Records excerpted from a collection:

┌──

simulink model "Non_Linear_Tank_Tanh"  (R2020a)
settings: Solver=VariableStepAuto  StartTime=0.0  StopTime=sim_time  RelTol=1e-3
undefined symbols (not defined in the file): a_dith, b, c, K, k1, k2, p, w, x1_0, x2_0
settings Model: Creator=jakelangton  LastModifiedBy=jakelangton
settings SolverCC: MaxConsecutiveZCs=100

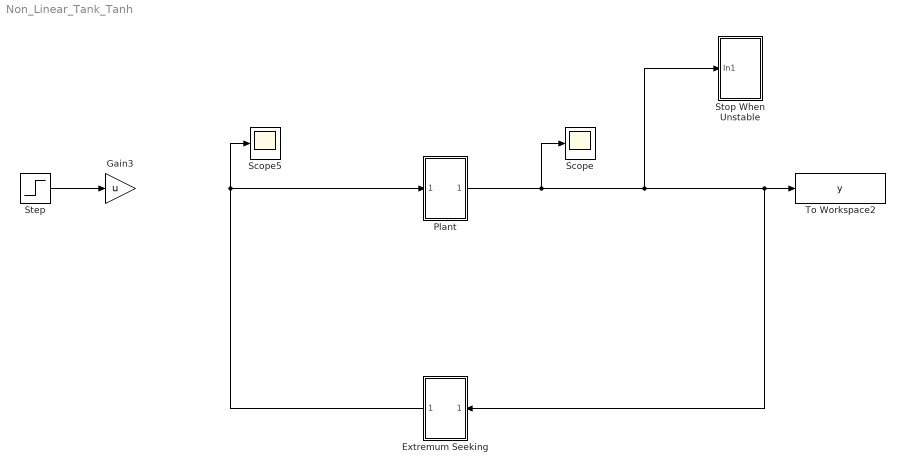
== system Non_Linear_Tank_Tanh ==
  Extremum Seeking : Subsystem
  Gain3 : Gain  Gain=u
  Plant : Subsystem
  Scope : Scope
  Scope5 : Scope
  Step : Step  Before=1  SampleTime=0
  Stop When Unstable : Subsystem
  To Workspace2 : ToWorkspace  VariableName=y  SaveFormat=Timeseries  SampleTime=-1
  wires:
  Step/1 -> Gain3/1
  Extremum Seeking/1(Out1) -> Scope5/1, Plant/1(In1)
  Plant/1(Out1) -> Stop When Unstable/1(In1), Extremum Seeking/1(In1), To Workspace2/1, Scope/1

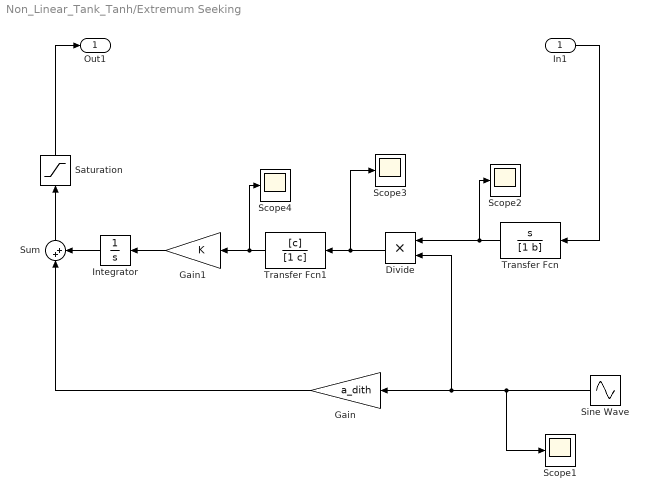
== system Non_Linear_Tank_Tanh/Extremum Seeking ==
  In1 : Inport
  Divide : Product  Inputs=**
  Gain : Gain  Gain=a_dith
  Gain1 : Gain  Gain=K
  Integrator : Integrator
  Saturation : Saturate  UpperLimit=10  LowerLimit=-10
  Scope{1..4} (4 alike) : Scope
  Sine Wave : Sin  Frequency=w  SampleTime=0
  Sum : Sum  Inputs=|++
  Transfer Fcn : TransferFcn  Numerator=[1 0]  Denominator=[1 b]
  Transfer Fcn1 : TransferFcn  Numerator=[c]  Denominator=[1 c]
  Out1 : Outport
  wires:
  In1/1 -> Transfer Fcn/1
  Gain/1 -> Sum/1
  Sum/1 -> Saturation/1
  Saturation/1 -> Out1/1
  Transfer Fcn/1 -> Scope2/1, Divide/1
  Integrator/1 -> Sum/2
  Sine Wave/1 -> Scope1/1, Divide/2, Gain/1
  Gain1/1 -> Integrator/1
  Divide/1 -> Scope3/1, Transfer Fcn1/1
  Transfer Fcn1/1 -> Gain1/1, Scope4/1

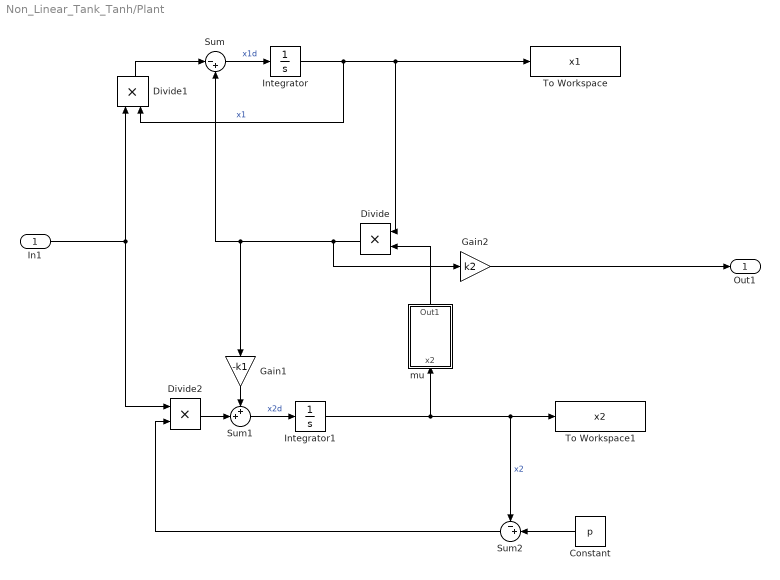
== system Non_Linear_Tank_Tanh/Plant ==
  In1 : Inport
  Constant : Constant  Value=p
  Divide : Product  Inputs=**
  Divide1 : Product  Inputs=**
  Divide2 : Product  Inputs=**
  Gain1 : Gain  Gain=-k1
  Gain2 : Gain  Gain=k2
  Integrator : Integrator  InitialCondition=x1_0
  Integrator1 : Integrator  InitialCondition=x2_0
  Sum : Sum  Inputs=|-+
  Sum1 : Sum  Inputs=++|
  Sum2 : Sum  Inputs=-+|
  To Workspace : ToWorkspace  VariableName=x1  SaveFormat=Timeseries  SampleTime=-1
  To Workspace1 : ToWorkspace  VariableName=x2  SaveFormat=Timeseries  SampleTime=-1
  mu : Subsystem
  Out1 : Outport
  wires:
  Divide2/1 -> Sum1/2
  Sum2/1 -> Divide2/2
  Gain2/1 -> Out1/1
  Sum/1 -> Integrator/1  "x1d"
  Sum1/1 -> Integrator1/1  "x2d"
  In1/1 -> Divide2/1, Divide1/1
  Divide1/1 -> Sum/1
  Gain1/1 -> Sum1/1
  Integrator/1 -> Divide1/2, To Workspace/1, Divide/1  "x1"
  Constant/1 -> Sum2/2
  Divide/1 -> Gain2/1, Sum/2, Gain1/1
  Integrator1/1 -> mu/1(x2), Sum2/1, To Workspace1/1  "x2"
  mu/1(Out1) -> Divide/2

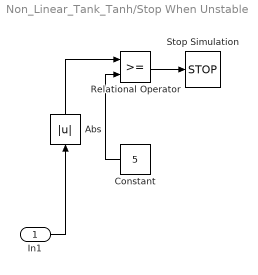
== system Non_Linear_Tank_Tanh/Stop When Unstable ==
  In1 : Inport
  Abs : Abs
  Constant : Constant  Value=5
  Relational Operator : RelationalOperator  OutDataTypeStr=boolean  RndMeth=Simplest
  Stop Simulation : Stop
  wires:
  In1/1 -> Abs/1
  Constant/1 -> Relational Operator/2
  Relational Operator/1 -> Stop Simulation/1
  Abs/1 -> Relational Operator/1

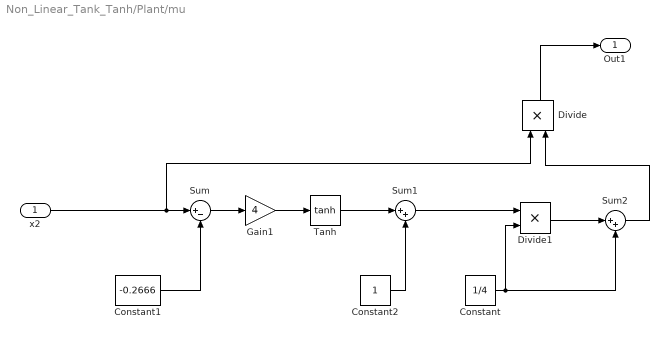
== system Non_Linear_Tank_Tanh/Plant/mu ==
  x2 : Inport
  Constant : Constant  Value=1/4
  Constant1 : Constant  Value=-0.2666
  Constant2 : Constant
  Divide : Product  Inputs=**
  Divide1 : Product  Inputs=**
  Gain1 : Gain  Gain=4
  Sum : Sum  Inputs=|+-
  Sum1 : Sum  Inputs=|++
  Sum2 : Sum  Inputs=|++
  Tanh : Trigonometry  Operator=tanh
  Out1 : Outport
  wires:
  x2/1 -> Divide/1, Sum/1
  Divide/1 -> Out1/1
  Constant1/1 -> Sum/2
  Sum/1 -> Gain1/1
  Gain1/1 -> Tanh/1
  Constant2/1 -> Sum1/2
  Tanh/1 -> Sum1/1
  Sum1/1 -> Divide1/1
  Constant/1 -> Sum2/2, Divide1/2
  Divide1/1 -> Sum2/1
  Sum2/1 -> Divide/2
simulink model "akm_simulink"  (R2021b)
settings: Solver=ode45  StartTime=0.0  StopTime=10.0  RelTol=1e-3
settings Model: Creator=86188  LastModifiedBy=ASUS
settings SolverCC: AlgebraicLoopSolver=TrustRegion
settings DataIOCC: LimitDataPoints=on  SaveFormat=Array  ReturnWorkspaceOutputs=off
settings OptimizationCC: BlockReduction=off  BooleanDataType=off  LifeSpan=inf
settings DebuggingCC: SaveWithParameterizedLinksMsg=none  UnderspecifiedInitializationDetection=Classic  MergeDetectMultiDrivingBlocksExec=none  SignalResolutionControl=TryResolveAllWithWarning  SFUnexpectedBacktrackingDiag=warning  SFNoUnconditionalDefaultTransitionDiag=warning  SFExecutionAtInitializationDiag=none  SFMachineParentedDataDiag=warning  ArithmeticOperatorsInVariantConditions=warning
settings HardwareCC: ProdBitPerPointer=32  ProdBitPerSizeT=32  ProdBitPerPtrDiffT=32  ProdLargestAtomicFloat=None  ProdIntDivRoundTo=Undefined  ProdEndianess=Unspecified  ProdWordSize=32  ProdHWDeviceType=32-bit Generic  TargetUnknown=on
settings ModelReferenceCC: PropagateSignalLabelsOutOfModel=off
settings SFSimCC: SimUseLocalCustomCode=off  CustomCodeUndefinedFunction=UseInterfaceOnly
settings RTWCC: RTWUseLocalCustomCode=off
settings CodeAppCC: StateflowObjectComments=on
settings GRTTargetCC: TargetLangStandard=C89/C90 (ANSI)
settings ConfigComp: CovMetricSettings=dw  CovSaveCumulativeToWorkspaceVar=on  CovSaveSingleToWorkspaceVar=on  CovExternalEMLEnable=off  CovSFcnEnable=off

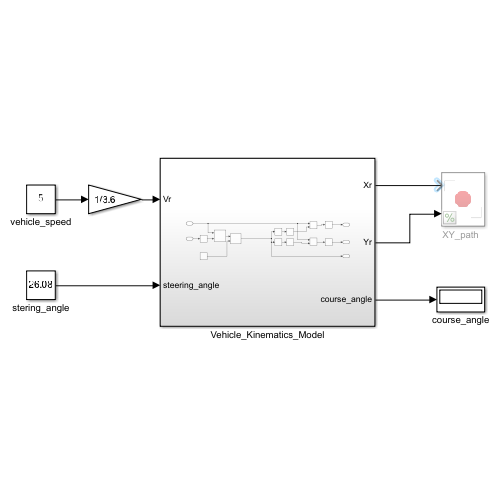
[thumbnail: Simulink's stored preview of the top-level diagram]
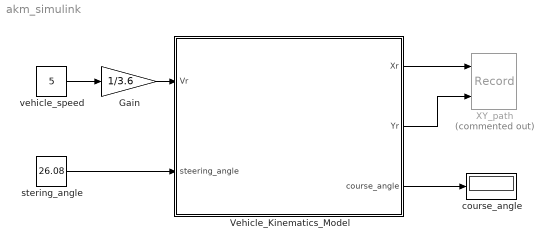
== system akm_simulink ==
  Gain : Gain  Gain=1/3.6
  Vehicle_Kinematics_Model : Subsystem
  "XY_path  " : Record  Commented=on  FileSettingsInternal="{\"entries\":[{\"content\":{\"excelSettings\":{\"content\":{},\"type\":\"Streamout.ExcelSettings\"}},\"type\":\"Streamout.FileSettingStorage\",\"uuid\":\"7addfd98-46f2-4b72-a359-b2e0c588f249\"}],\"packageUris\":[\"http://schema.mathworks.com/mf0/streamout_blocks/R2020a\"],\"version\":\"1.0\"}"  Layout=[1 1]  SignalsInternal="{\"entries\":[{\"content\":{\"signals\":[{\"content\":{\"blockPath\":[\"vehicle_kinematics_model_simulink/XY_path  \"],\"channel\":[],\"dimensions\":[1],\"domain\":\"vehicle_kinematics_model_simulink/XY_path  \",\"lineColor\":\"#a2142f\",\"plots\":[1],\"port\":1,\"sid\":[],\"signalID\":25,\"signalName\":\"XY Graph:1\"},\"type\":\"RecordBlkView.Signal\",\"uuid\":\"aea1348b-08f8-4aad-b363-d4c46aa4d93b\"},{\"content\":{\"blockPath\":[\"vehicle_kinematics_model_simulink/XY_path  \"],\"channel\":[],\"dimensions\":[1],\"domain\":\"vehicle_kinematics_model_simulink/XY_path  \",\"lineColor\":\"#139fff\",\"plots\":[1],\"port\":2,\"sid\":[],\"signalID\":28,\"signalName\":\"XY Graph:2\"},\"type\":\"RecordBlkView.Signal\",\"uuid\":\"a975d67e-8dd6-489c-87d0-dd0b00579815\"}]},\"type\":\"RecordBlkView.InputSignals\",\"uuid\":\"86e3c1e8-de57-43d6-8970-4e9e7abf98df\"}],\"packageUris\":[\"http://schema.mathworks.com/mf0/streamout_blocks/R2020a\"],\"version\":\"1.0\"}"  VisualizationBindings="{\"xyplotplugin\":{\"info\":[{\"series\":[{\"bindingParametersList\":[{\"parameter\":\"X-Axis\",\"signalID\":25,\"signalName\":\"XY Graph:1\"},{\"parameter\":\"Y-Axis\",\"signalID\":28,\"signalName\":\"XY Graph:2\"}],\"seriesID\":38578}],\"subplotID\":1}]}}"  CompatibilityTag=XY  st=-1
  course_angle : Display
  stering_angle : Constant  Value=26.08
  vehicle_speed : Constant  Value=5
  wires:
  Gain/1 -> Vehicle_Kinematics_Model/1(Vr)
  stering_angle/1 -> Vehicle_Kinematics_Model/2(steering_angle)
  vehicle_speed/1 -> Gain/1
  Vehicle_Kinematics_Model/2(Yr) -> "XY_path  "/2
  Vehicle_Kinematics_Model/1(Xr) -> "XY_path  "/1
  Vehicle_Kinematics_Model/3(course_angle) -> course_angle/1

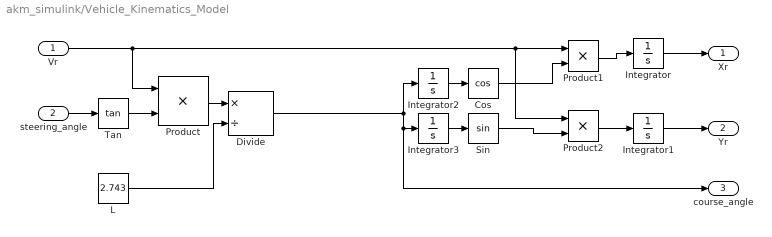
== system akm_simulink/Vehicle_Kinematics_Model ==
  Vr : Inport
  steering_angle : Inport  Port=2
  Cos : Trigonometry  Operator=cos
  Divide : Product  Inputs=*/
  Integrator{,1..3} (4 alike) : Integrator
  L : Constant  Value=2.743
  Product : Product
  Product1 : Product
  Product2 : Product
  Sin : Trigonometry
  Tan : Trigonometry  Operator=tan
  Xr : Outport
  Yr : Outport  Port=2
  course_angle : Outport  Port=3
  wires:
  Product2/1 -> Integrator1/1
  Product1/1 -> Integrator/1
  Sin/1 -> Product2/2
  L/1 -> Divide/2
  Integrator1/1 -> Yr/1
  Tan/1 -> Product/2
  Integrator/1 -> Xr/1
  Product/1 -> Divide/1
  steering_angle/1 -> Tan/1
  Divide/1 -> Integrator2/1, course_angle/1, Integrator3/1
  Cos/1 -> Product1/2
  Vr/1 -> Product/1, Product1/1, Product2/1
  Integrator2/1 -> Cos/1
  Integrator3/1 -> Sin/1

└──

▶ [YOUR GOAL]: Beginning with the line that contains "Sin : Trigonometry" and ending with the last line of the data above, return those lines exactly and nothing else.

▶ [TASK RESPONSE]:
  Sin : Trigonometry
  Tan : Trigonometry  Operator=tan
  Xr : Outport
  Yr : Outport  Port=2
  course_angle : Outport  Port=3
  wires:
  Product2/1 -> Integrator1/1
  Product1/1 -> Integrator/1
  Sin/1 -> Product2/2
  L/1 -> Divide/2
  Integrator1/1 -> Yr/1
  Tan/1 -> Product/2
  Integrator/1 -> Xr/1
  Product/1 -> Divide/1
  steering_angle/1 -> Tan/1
  Divide/1 -> Integrator2/1, course_angle/1, Integrator3/1
  Cos/1 -> Product1/2
  Vr/1 -> Product/1, Product1/1, Product2/1
  Integrator2/1 -> Cos/1
  Integrator3/1 -> Sin/1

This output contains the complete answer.